5280 Magazine

THE QUIET CRISIS CRISIS

NOAH HUDSON SLAPPED HIS TINY HANDS on his parents’ kitchen table, pushed aside a half-eaten banana pancake, and tried to wriggle free from his highchair. His mother held on to him with one hand while steadying the computer screen she was looking at with the other. “So sorry,” Sarah Hudson told the occupational therapist on the video call. “One sec….” Noah flung his spoon to the floor and let out a cheerful squeal. Sarah gave an exhausted half-laugh. “You know, he can be a handful,” she said of her 22-month-old son, who was born with a developmental disability.

It was early March, and morning sunlight filtered through the family room windows of the Hudsons’ rented Central Park home. Noah’s blue therapy mat was folded in one corner of the room; books written in Braille were on the kitchen countertop, next to a calendar Sarah filled with reminders for doctor visits and therapy sessions. A miniature backpack, with Noah’s feeding pump packed inside, leaned against a wall.

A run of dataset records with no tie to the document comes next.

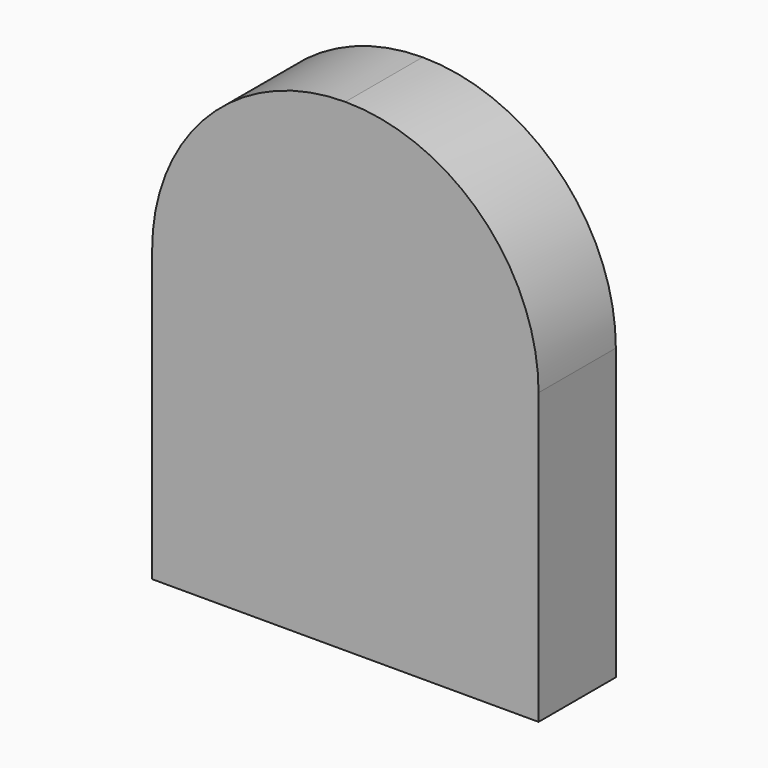
from build123d import *

# Parameters (mm, degrees)
F0_W     = 101.6
F0_H     = 127
F1_DEPTH = 25.4
F2_R     = 50.79999


# Not quite as in the source:
# - a fillet or chamfer is up to 0.001 mm smaller than in the source, because OpenCascade refuses the exact size


with BuildPart() as f1:
    # F0 (on Front) → F1 (new body)
    with BuildSketch(Plane.XZ):
        with Locations((11.2417165004, 3.3230111003)):
            Rectangle(F0_W, F0_H)
    extrude(amount=F1_DEPTH)

    # F2 (radius 50.8 in the source; OpenCascade refuses exactly that, so slightly less here)
    f2_edges = [f1.edges().sort_by_distance(p)[0] for p in [
        (62.041717, -12.7, 66.823011),
        (-39.558283, -12.7, 66.823011),
    ]]
    fillet(f2_edges, radius=F2_R)


solid = f1.part
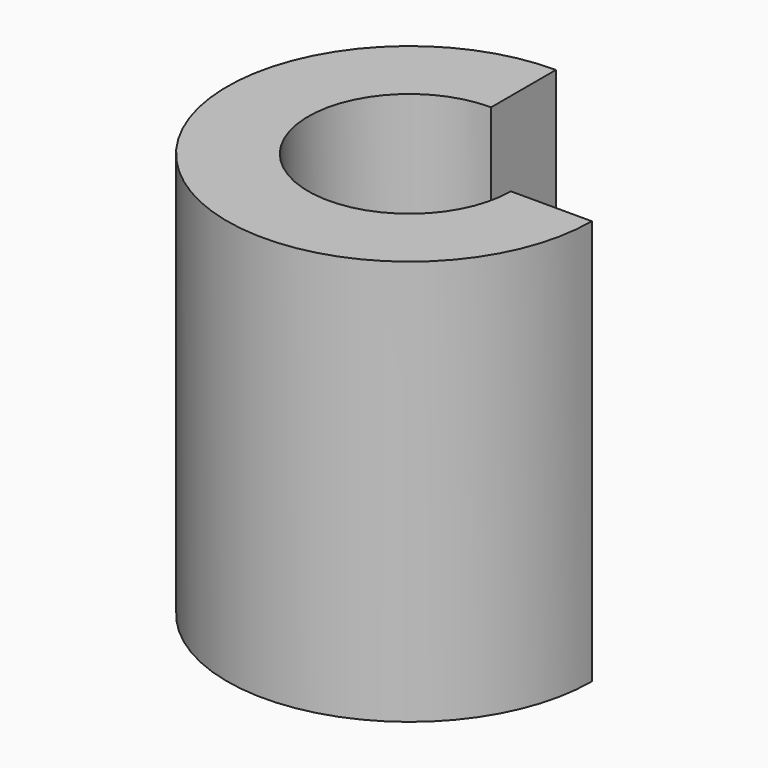
from build123d import *

# Parameters (mm, degrees)
F1_DEPTH = 10


# Not quite as in the source:
# - ends of sketch curves that miss each other by under 0.0002 mm in the source are joined


with BuildPart() as f1:
    # F0 (on Top) → F1 (new body)
    with BuildSketch(Plane.XY):
        with BuildLine():
            ThreePointArc((2.5, 0), (-1.767766953, -1.767766953), (0, 2.5))
            ThreePointArc((0, 2.5), (0.0073339568, 2.4999892426), (0.0146678504, 2.4999569705))
            Line((0.0146678504, 2.4999569705), (0.0146679766, 4.4999760944))
            ThreePointArc((0.0146679766, 4.4999760944), (-3.1871622092, -3.1767903696), (4.5, 0))
            Line((4.5, 0), (2.5, 0))
        make_face()
    extrude(amount=F1_DEPTH)


solid = f1.part
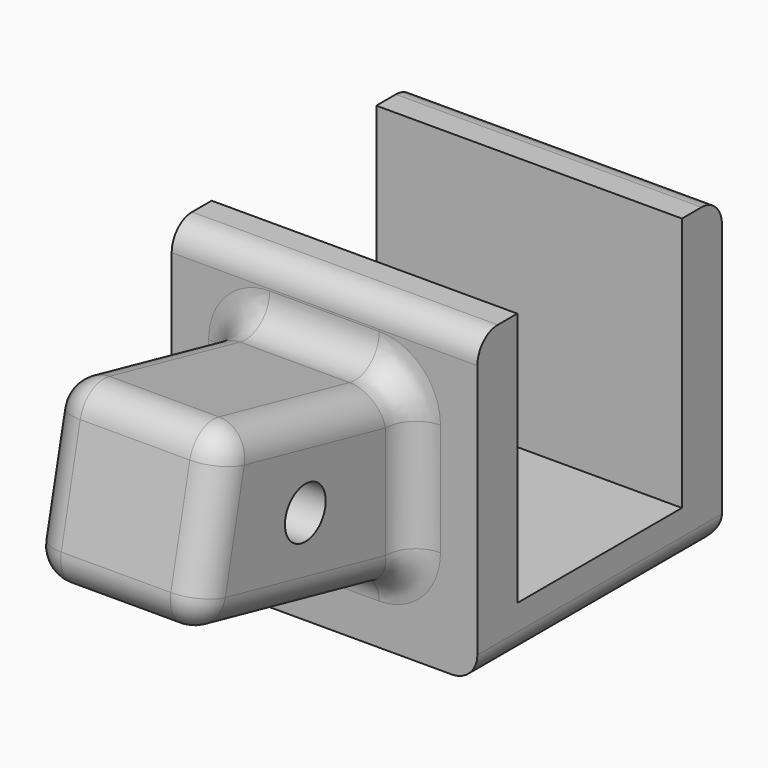
from build123d import *

# Parameters (mm, degrees)
F0_W      = 30
F0_H      = 30
F1_DEPTH  = 5
F2_W      = 30
F2_H      = 4.9
F3_DEPTH  = 25
F6_W      = 16.75
F6_H      = 16.75
F7_DEPTH  = 25
F7_FACE_W = 16.75
F7_FACE_H = 8.375
F9_R      = 3
F10_R     = 2.5
F12_R     = 2.5
F13_DEPTH = 16.75


# Not quite as in the source:
# - two fillets or chamfers of one size are made in one step
# - a feature names something its author has since deleted; it is built from what else it names


with BuildPart() as f1:
    # F0 (on Top) → F1 (new body)
    with BuildSketch(Plane.XY):
        with Locations((15, 15)):
            Rectangle(F0_W, F0_H)
    extrude(amount=F1_DEPTH)

    # F2 (on face) → F3 (join)
    with BuildSketch(Plane.XY.offset(5)):
        with Locations((15, 27.55)):
            Rectangle(F2_W, F2_H)
        with Locations((15, 2.45)):
            Rectangle(F2_W, F2_H)
    extrude(amount=F3_DEPTH)

    # F6 (on line) → F7 (join)
    with BuildSketch(Plane(origin=(0, -3.1696369631, 0.7026915972), x_dir=(1, 0, 0), z_dir=(0, -0.9762960071, 0.2164396139))):
        with Locations((15, 14.6444401068)):
            Rectangle(F6_W, F6_H)
    extrude(amount=F7_DEPTH)

    # F7_face (on face) → F8 (join, up to the next surface of F1)
    with BuildSketch(Plane(origin=(15, -0.9063408834, 10.9117604702), x_dir=(1, 0, 0), z_dir=(0, 0.9762960071, -0.2164396139))):
        Rectangle(F7_FACE_W, F7_FACE_H)
    extrude(until=Until.NEXT)

    # F9
    f9_edges = [f1.edges().sort_by_distance(p)[0] for p in [
        (6.625, -24.4074, 20.41099),
        (23.375, 0, 15),
        (23.375, -13.110041, 9.328085),
        (23.375, -24.4074, 20.41099),
        (23.375, -11.297359, 26.082905),
        (15, 0, 23.578341),
        (6.625, 0, 15),
        (15, 0, 6.421659),
        (6.625, -13.110041, 9.328085),
        (15, -26.220082, 12.234511),
        (15, -22.594718, 28.587469),
        (6.625, -11.297359, 26.082905),
    ]]
    fillet(f9_edges, radius=F9_R)

    # F10
    f10_edges = [f1.edges().sort_by_distance(p)[0] for p in [
        (15, 30, 30),
        (15, 0, 30),
        (15, 30, 0),
        (30, 15, 0),
        (0, 15, 0),
    ]]
    fillet(f10_edges, radius=F10_R)

    # F12 (on face) → F13 (cut, through all)
    with BuildSketch(Plane.YZ.offset(23.375)):
        with Locations((-12.8209375408, 17.8423334229)):
            Circle(F12_R)
    extrude(amount=-F13_DEPTH, mode=Mode.SUBTRACT)


solid = f1.part
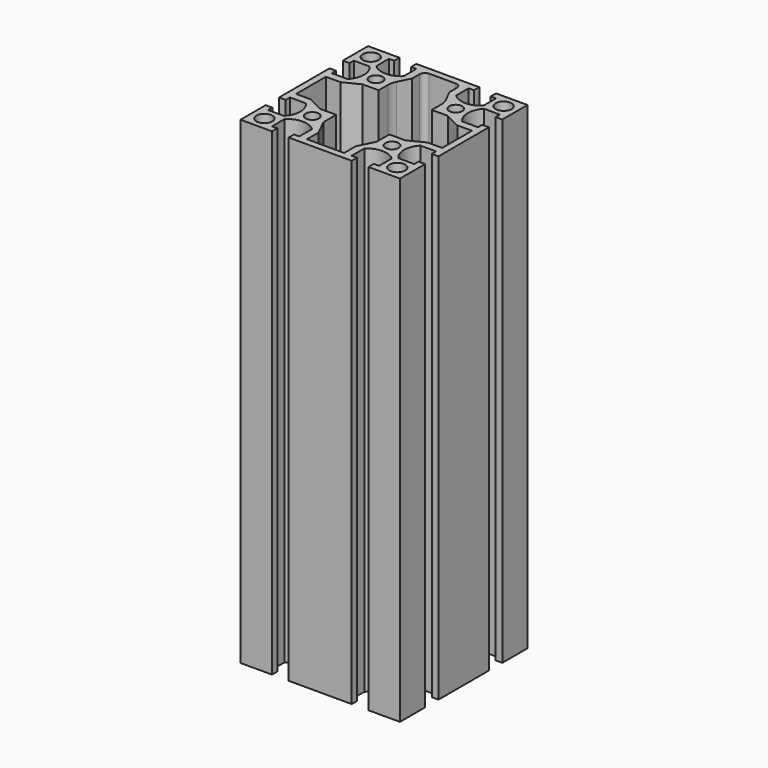
from build123d import *

# Parameters (mm, degrees)
F0_R     = 3
F0_R_2   = 2.5
F1_DEPTH = 180
F2_R     = 2
F3_R     = 7


# Not quite as in the source:
# - a feature names something its author has since deleted; it is built from what else it names


with BuildPart() as f1:
    # F0 (on Top) → F1 (new body)
    with BuildSketch(Plane.XY):
        with BuildLine():
            Line((18.15, -30), (30, -30))
            Line((30, -30), (30, -18.15))
            Line((30, -18.15), (27.5, -18.15))
            Line((27.5, -18.15), (27.5, -20.15))
            Line((27.5, -20.15), (21.5477069044, -20.15))
            ThreePointArc((21.5477069044, -20.15), (19.5, -15), (21.5477069044, -9.85))
            Line((21.5477069044, -9.85), (27.5, -9.85))
            Line((27.5, -9.85), (27.5, -11.85))
            Line((27.5, -11.85), (30, -11.85))
            Line((30, -11.85), (30, 11.85))
            Line((30, 11.85), (27.5, 11.85))
            Line((27.5, 11.85), (27.5, 9.85))
            Line((27.5, 9.85), (21.5477069044, 9.85))
            ThreePointArc((21.5477069044, 9.85), (19.5, 15), (21.5477069044, 20.15))
            Line((21.5477069044, 20.15), (27.5, 20.15))
            Line((27.5, 20.15), (27.5, 18.15))
            Line((27.5, 18.15), (30, 18.15))
            Line((30, 18.15), (30, 30))
            Line((30, 30), (18.15, 30))
            Line((18.15, 30), (18.15, 27.5))
            Line((18.15, 27.5), (20.15, 27.5))
            Line((20.15, 27.5), (20.15, 21.5477069044))
            ThreePointArc((20.15, 21.5477069044), (15, 19.5), (9.85, 21.5477069044))
            Line((9.85, 21.5477069044), (9.85, 27.5))
            Line((9.85, 27.5), (11.85, 27.5))
            Line((11.85, 27.5), (11.85, 30))
            Line((11.85, 30), (-11.85, 30))
            Line((-11.85, 30), (-11.85, 27.5))
            Line((-11.85, 27.5), (-9.85, 27.5))
            Line((-9.85, 27.5), (-9.85, 21.5477069044))
            ThreePointArc((-9.85, 21.5477069044), (-15, 19.5), (-20.15, 21.5477069044))
            Line((-20.15, 21.5477069044), (-20.15, 27.5))
            Line((-20.15, 27.5), (-18.15, 27.5))
            Line((-18.15, 27.5), (-18.15, 30))
            Line((-18.15, 30), (-30, 30))
            Line((-30, 30), (-30, 18.15))
            Line((-30, 18.15), (-27.5, 18.15))
            Line((-27.5, 18.15), (-27.5, 20.15))
            Line((-27.5, 20.15), (-21.5477069044, 20.15))
            ThreePointArc((-21.5477069044, 20.15), (-19.5, 15), (-21.5477069044, 9.85))
            Line((-21.5477069044, 9.85), (-27.5, 9.85))
            Line((-27.5, 9.85), (-27.5, 11.85))
            Line((-27.5, 11.85), (-30, 11.85))
            Line((-30, 11.85), (-30, -11.85))
            Line((-30, -11.85), (-27.5, -11.85))
            Line((-27.5, -11.85), (-27.5, -9.85))
            Line((-27.5, -9.85), (-21.5477069044, -9.85))
            ThreePointArc((-21.5477069044, -9.85), (-19.5, -15), (-21.5477069044, -20.15))
            Line((-21.5477069044, -20.15), (-27.5, -20.15))
            Line((-27.5, -20.15), (-27.5, -18.15))
            Line((-27.5, -18.15), (-30, -18.15))
            Line((-30, -18.15), (-30, -30))
            Line((-30, -30), (-18.15, -30))
            Line((-18.15, -30), (-18.15, -27.5))
            Line((-18.15, -27.5), (-20.15, -27.5))
            Line((-20.15, -27.5), (-20.15, -21.5477069044))
            ThreePointArc((-20.15, -21.5477069044), (-15, -19.5), (-9.85, -21.5477069044))
            Line((-9.85, -21.5477069044), (-9.85, -27.5))
            Line((-9.85, -27.5), (-11.85, -27.5))
            Line((-11.85, -27.5), (-11.85, -30))
            Line((-11.85, -30), (11.85, -30))
            Line((11.85, -30), (11.85, -27.5))
            Line((11.85, -27.5), (9.85, -27.5))
            Line((9.85, -27.5), (9.85, -21.5477069044))
            ThreePointArc((9.85, -21.5477069044), (15, -19.5), (20.15, -21.5477069044))
            Line((20.15, -21.5477069044), (20.15, -27.5))
            Line((20.15, -27.5), (18.15, -27.5))
            Line((18.15, -27.5), (18.15, -30))
        make_face()
        with Locations((-25, -25)):
            Circle(F0_R, mode=Mode.SUBTRACT)
        with Locations((-15, -15)):
            Circle(F0_R_2, mode=Mode.SUBTRACT)
        with Locations((25, -25)):
            Circle(F0_R, mode=Mode.SUBTRACT)
        with Locations((15, -15)):
            Circle(F0_R_2, mode=Mode.SUBTRACT)
        with Locations((-25, 25)):
            Circle(F0_R, mode=Mode.SUBTRACT)
        with Locations((-15, 15)):
            Circle(F0_R_2, mode=Mode.SUBTRACT)
        Polygon((-7, 22), (-7, 27.5), (0, 27.5), (7, 27.5), (7, 22), (10, 16), (10, 10), (16, 10), (22, 7), (27.5, 7), (27.5, 0), (27.5, -7), (22, -7), (16, -10), (10, -10), (10, -16), (7, -22), (7, -27.5), (0, -27.5), (-7, -27.5), (-7, -22), (-10, -16), (-10, -10), (-16, -10), (-22, -7), (-27.5, -7), (-27.5, 0), (-27.5, 7), (-22, 7), (-16, 10), (-10, 10), (-10, 16), align=None, mode=Mode.SUBTRACT)
        with Locations((15, 15)):
            Circle(F0_R_2, mode=Mode.SUBTRACT)
        with Locations((25, 25)):
            Circle(F0_R, mode=Mode.SUBTRACT)
    extrude(amount=F1_DEPTH)

    # F2
    f2_edges = [f1.edges().sort_by_distance(p)[0] for p in [
        (-7, 27.5, 90),
        (7, 27.5, 90),
    ]]
    fillet(f2_edges, radius=F2_R)

    # F3
    f3_edges = [f1.edges().sort_by_distance(p)[0] for p in [
        (-10, 16, 90),
        (10, 16, 90),
    ]]
    fillet(f3_edges, radius=F3_R)


solid = f1.part

Born six weeks premature, Noah had missed most of the cognitive and physical benchmarks for children his age. His team of doctors—which had grown exponentially since his first weeks in the neonatal intensive care unit at Children’s Hospital Colorado—inundated his parents’ email inboxes with unpronounceable diagnoses. Noah lacked a right eye and much of his right ear and right nostril. He’d already undergone surgeries to fix a cleft palate and cleft lip; another would eventually be needed to increase the size of one of his orbital bones. A scan of his skull revealed an open canal that ran from his nasal cavity to his brain. His hypothalamus and pituitary glands—essential for regulating everything from organ function to heart rate—were “irregular,” according to one specialist. His one, blue eye had at least some vision, though it could take another year before doctors fully understood what Noah was seeing.

Spencer, Noah’s dad, 34, was at work as an account executive for an IT company, which meant Sarah, 33, would handle much of Noah’s day on her own. Today, there’d be a video call, an athome therapy session, an in-office therapy session, at least six feeding tube sessions, and—Sarah hoped—two naps.

Noah is one of an estimated 7.4 million Americans living with intellectual and developmental disabilities. Known colloquially as IDDs, these disabilities can include a broad range of conditions such as cerebral palsy, Down syndrome, and autism spectrum disorder. Roughly 5,700 Colorado toddlers and infants have a diagnosed IDD, a number that has grown over recent years as the state’s population has increased. Once considered a marker for early death in the most serious cases, today people with IDDs are living longer lives. Adults with Down syndrome, for example, live nearly three times longer than they did three generations ago.

That longevity has delivered untold joyous moments, ones that were rare until recently: school graduations, first jobs and paychecks, and memories spun from being able to spend time with a loved one. Longevity has also created extraordinary challenges, most often revolving around finances and uncertainties surrounding the future. It’s more likely these days that someone with an IDD will outlive their parents, which has put pressure on familial caregivers to put in place supports that will last long after they’re gone.